**BRIEF:**
Reproduce, with no edits, the line that contains "circle A1 centre (0, 0) radius 88.9" and all the lines that follow it, ending with the last line of the records.
======
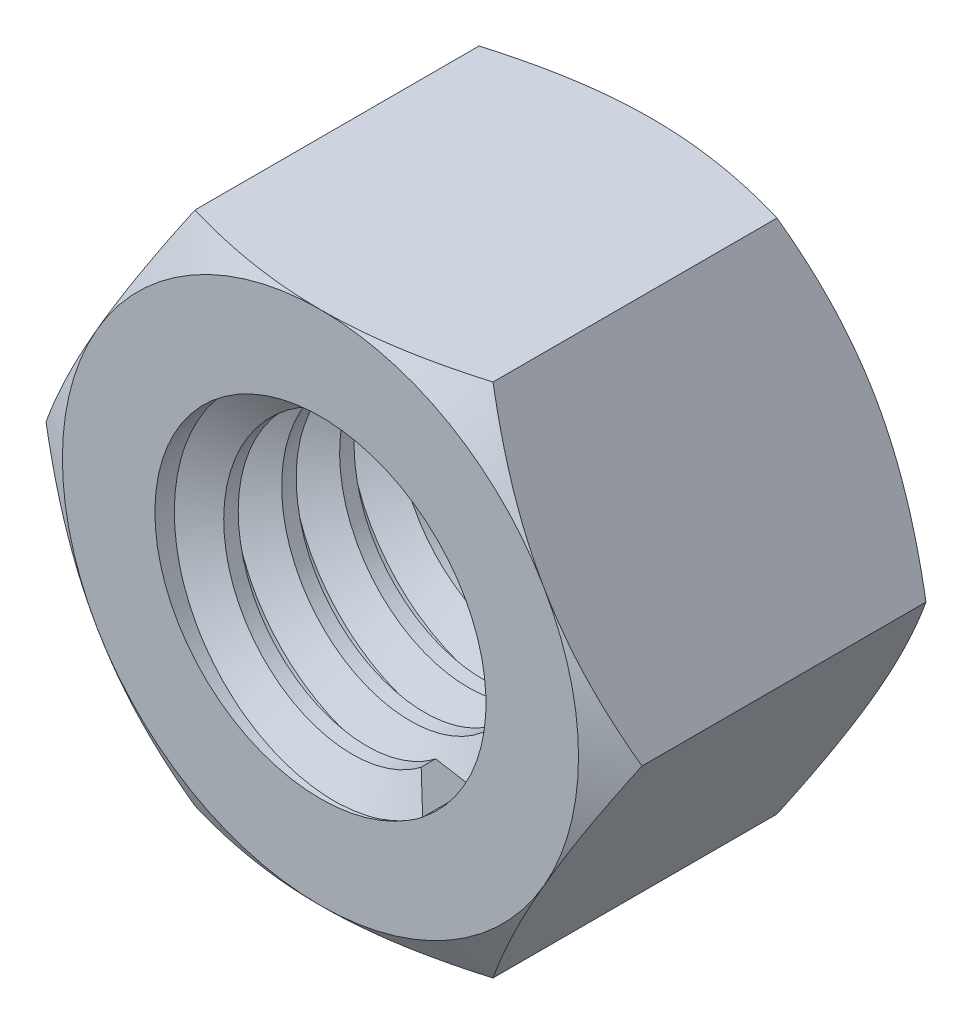
SolidWorks part; units mm, degrees
ref_plane "Front Plane" through (0, 0, 0) normal (0, 0, 1) x (1, 0, 0)
ref_plane "Top Plane" through (0, 0, 0) normal (0, 1, 0) x (1, 0, 0)
ref_plane "Right Plane" through (0, 0, 0) normal (1, 0, 0) x (0, 0, -1)
sketch "Sketch1" plane through (0, 0, 0) normal (0, 0, 1) x (1, 0, 0)
  line L1 (9, 0) -> (4.5, 7.7942)
  line L2 (4.5, 7.7942) -> (-4.5, 7.7942)
  line L3 (-4.5, 7.7942) -> (-9, 0)
  line L4 (-9, 0) -> (-4.5, -7.7942)
  line L5 (-4.5, -7.7942) -> (4.5, -7.7942)
  line L6 (4.5, -7.7942) -> (9, 0)
  circle A0 centre (0, 0) radius 7.7942 construction
  circle A1 centre (0, 0) radius 5
  dimension "D2" = 10
  dimension "D1" = 18
extrude "Boss-Extrude1" add sketch "Sketch1" along normal mid plane 10
sketch "Sketch2" plane through (0, 0, 0) normal (1, 0, 0) x (0, 0, -1)
  line L0 (-5, 7.7942) -> (-5, 12.4591)
  line L1 (-5, 12.4591) -> (-2.2483, 12.4591)
  line L2 (-2.2483, 12.4591) -> (-5, 7.7942)
  line L3 (0, 0) -> (0, 50000) construction
  line L4 (2.2483, 12.4591) -> (5, 7.7942)
  line L5 (5, 7.7942) -> (5, 12.4591)
  line L6 (5, 12.4591) -> (2.2483, 12.4591)
  line L7 (0, 0) -> (50000, 0) construction
  dimension "D1" = 30.535
revolve "Cut-Revolve1" cut sketch "Sketch2" angle 360 about L7
thread "Thread1" pitch 1.75 method extrude profile "Thread Profile1" start angle 0, offset 0, length 8.5, pitch 1.75, diameter 10
ref_plane "Plane1" through (5, 0, -5) normal (0, -1, 0) x (1, 0, 0)
sketch "Thread Profile1" plane through (5, 0, -5) normal (0, -1, 0) x (1, 0, 0)
  line L0 (0, 0) -> (0, 1.75) construction
  line L11 (0, 0) -> (0, 1.5312)
  line L12 (0, 1.5312) -> (-0.9472, 0.9844)
  line L13 (-0.9472, 0.9844) -> (-0.9472, 0.5469)
  line L15 (-0.9472, 0.5469) -> (0, 0)
  line L17 (-0.9472, 0.7656) -> (0, 0.7656) construction
  point P2 (0, 0)
  dimension "Pitch" = 1.75
  dimension "Profile_Angle" = 60
  dimension "Profile_Land" = 0.4375
  dimension "Profile_Height" = 0.9472
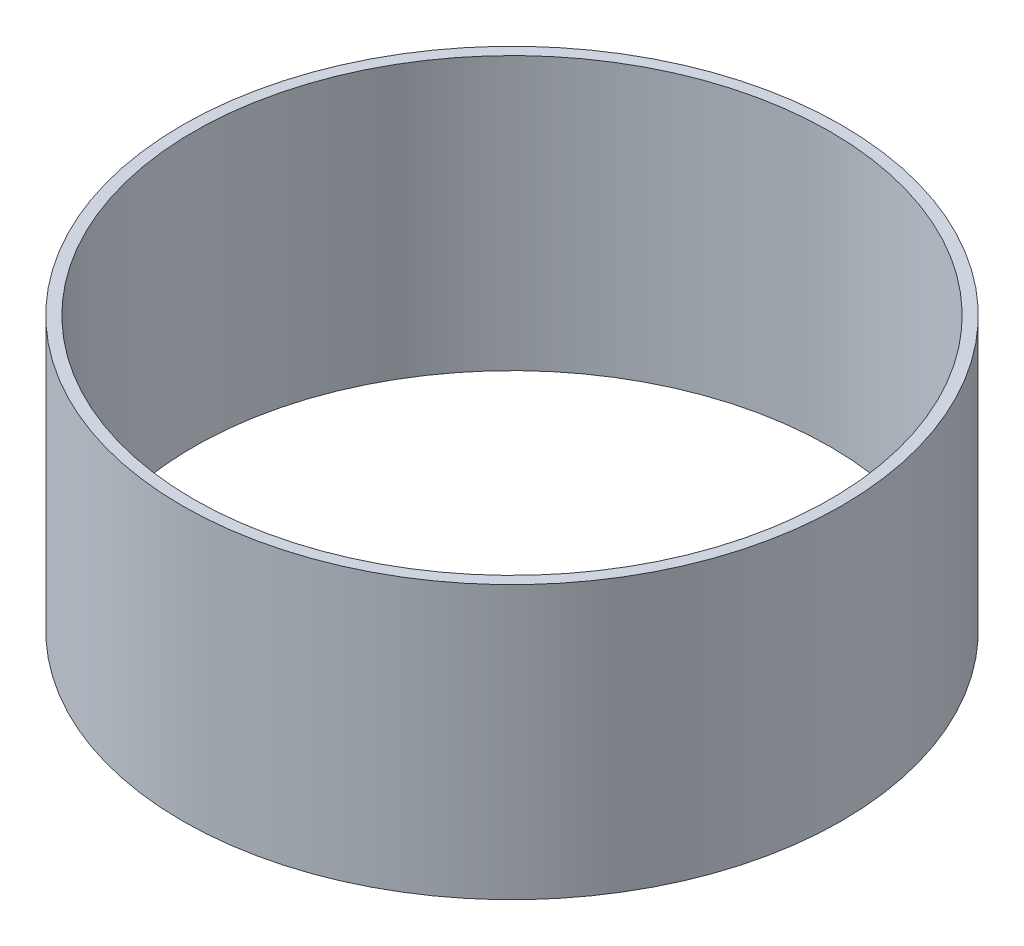
SolidWorks part; units mm, degrees
material "Acrylic (Medium-high impact)"
ref_plane "Front Plane" through (0, 0, 0) normal (0, 0, 1) x (1, 0, 0)
ref_plane "Top Plane" through (0, 0, 0) normal (0, 1, 0) x (1, 0, 0)
ref_plane "Right Plane" through (0, 0, 0) normal (1, 0, 0) x (0, 0, -1)
sketch "Sketch1" plane through (0, 0, 0) normal (0, 1, 0) x (1, 0, 0)
  circle A0 centre (0, 0) radius 92.075
  circle A1 centre (0, 0) radius 88.9
  dimension "D1" = 184.15
  dimension "D2" = 177.8
extrude "Boss-Extrude1" add sketch "Sketch1" along normal mid plane 76.2
ref_plane "Plane1" through (92.075, 0, 0) normal (1, 0, 0) x (0, 0, -1)
sketch "Sketch3" plane through (92.075, 0, 0) normal (1, 0, 0) x (0, 0, -1)
  line L0 (0, 103.0288) -> (0, -103.0288) construction
  line L1 (88.9, 38.1) -> (-88.9, 38.1) construction
  line L2 (-92.075, -38.1) -> (92.075, -38.1) construction
  circle A0 centre (0, -31.75) radius 1.4351
  circle A1 centre (0, 31.75) radius 1.4351
  dimension "D1" = 6.35
  dimension "D2" = 2.8702
  dimension "D3" = 2.8702
  dimension "D4" = 6.35
extrude "Cut-Extrude1" [suppressed] cut sketch "Sketch3" against normal blind 34.798
pattern_circular "CirPattern1" [suppressed] count 3 over 360 of bodies 102
======
**ANSWER SPACE:**
  circle A1 centre (0, 0) radius 88.9
  dimension "D1" = 184.15
  dimension "D2" = 177.8
extrude "Boss-Extrude1" add sketch "Sketch1" along normal mid plane 76.2
ref_plane "Plane1" through (92.075, 0, 0) normal (1, 0, 0) x (0, 0, -1)
sketch "Sketch3" plane through (92.075, 0, 0) normal (1, 0, 0) x (0, 0, -1)
  line L0 (0, 103.0288) -> (0, -103.0288) construction
  line L1 (88.9, 38.1) -> (-88.9, 38.1) construction
  line L2 (-92.075, -38.1) -> (92.075, -38.1) construction
  circle A0 centre (0, -31.75) radius 1.4351
  circle A1 centre (0, 31.75) radius 1.4351
  dimension "D1" = 6.35
  dimension "D2" = 2.8702
  dimension "D3" = 2.8702
  dimension "D4" = 6.35
extrude "Cut-Extrude1" [suppressed] cut sketch "Sketch3" against normal blind 34.798
pattern_circular "CirPattern1" [suppressed] count 3 over 360 of bodies 102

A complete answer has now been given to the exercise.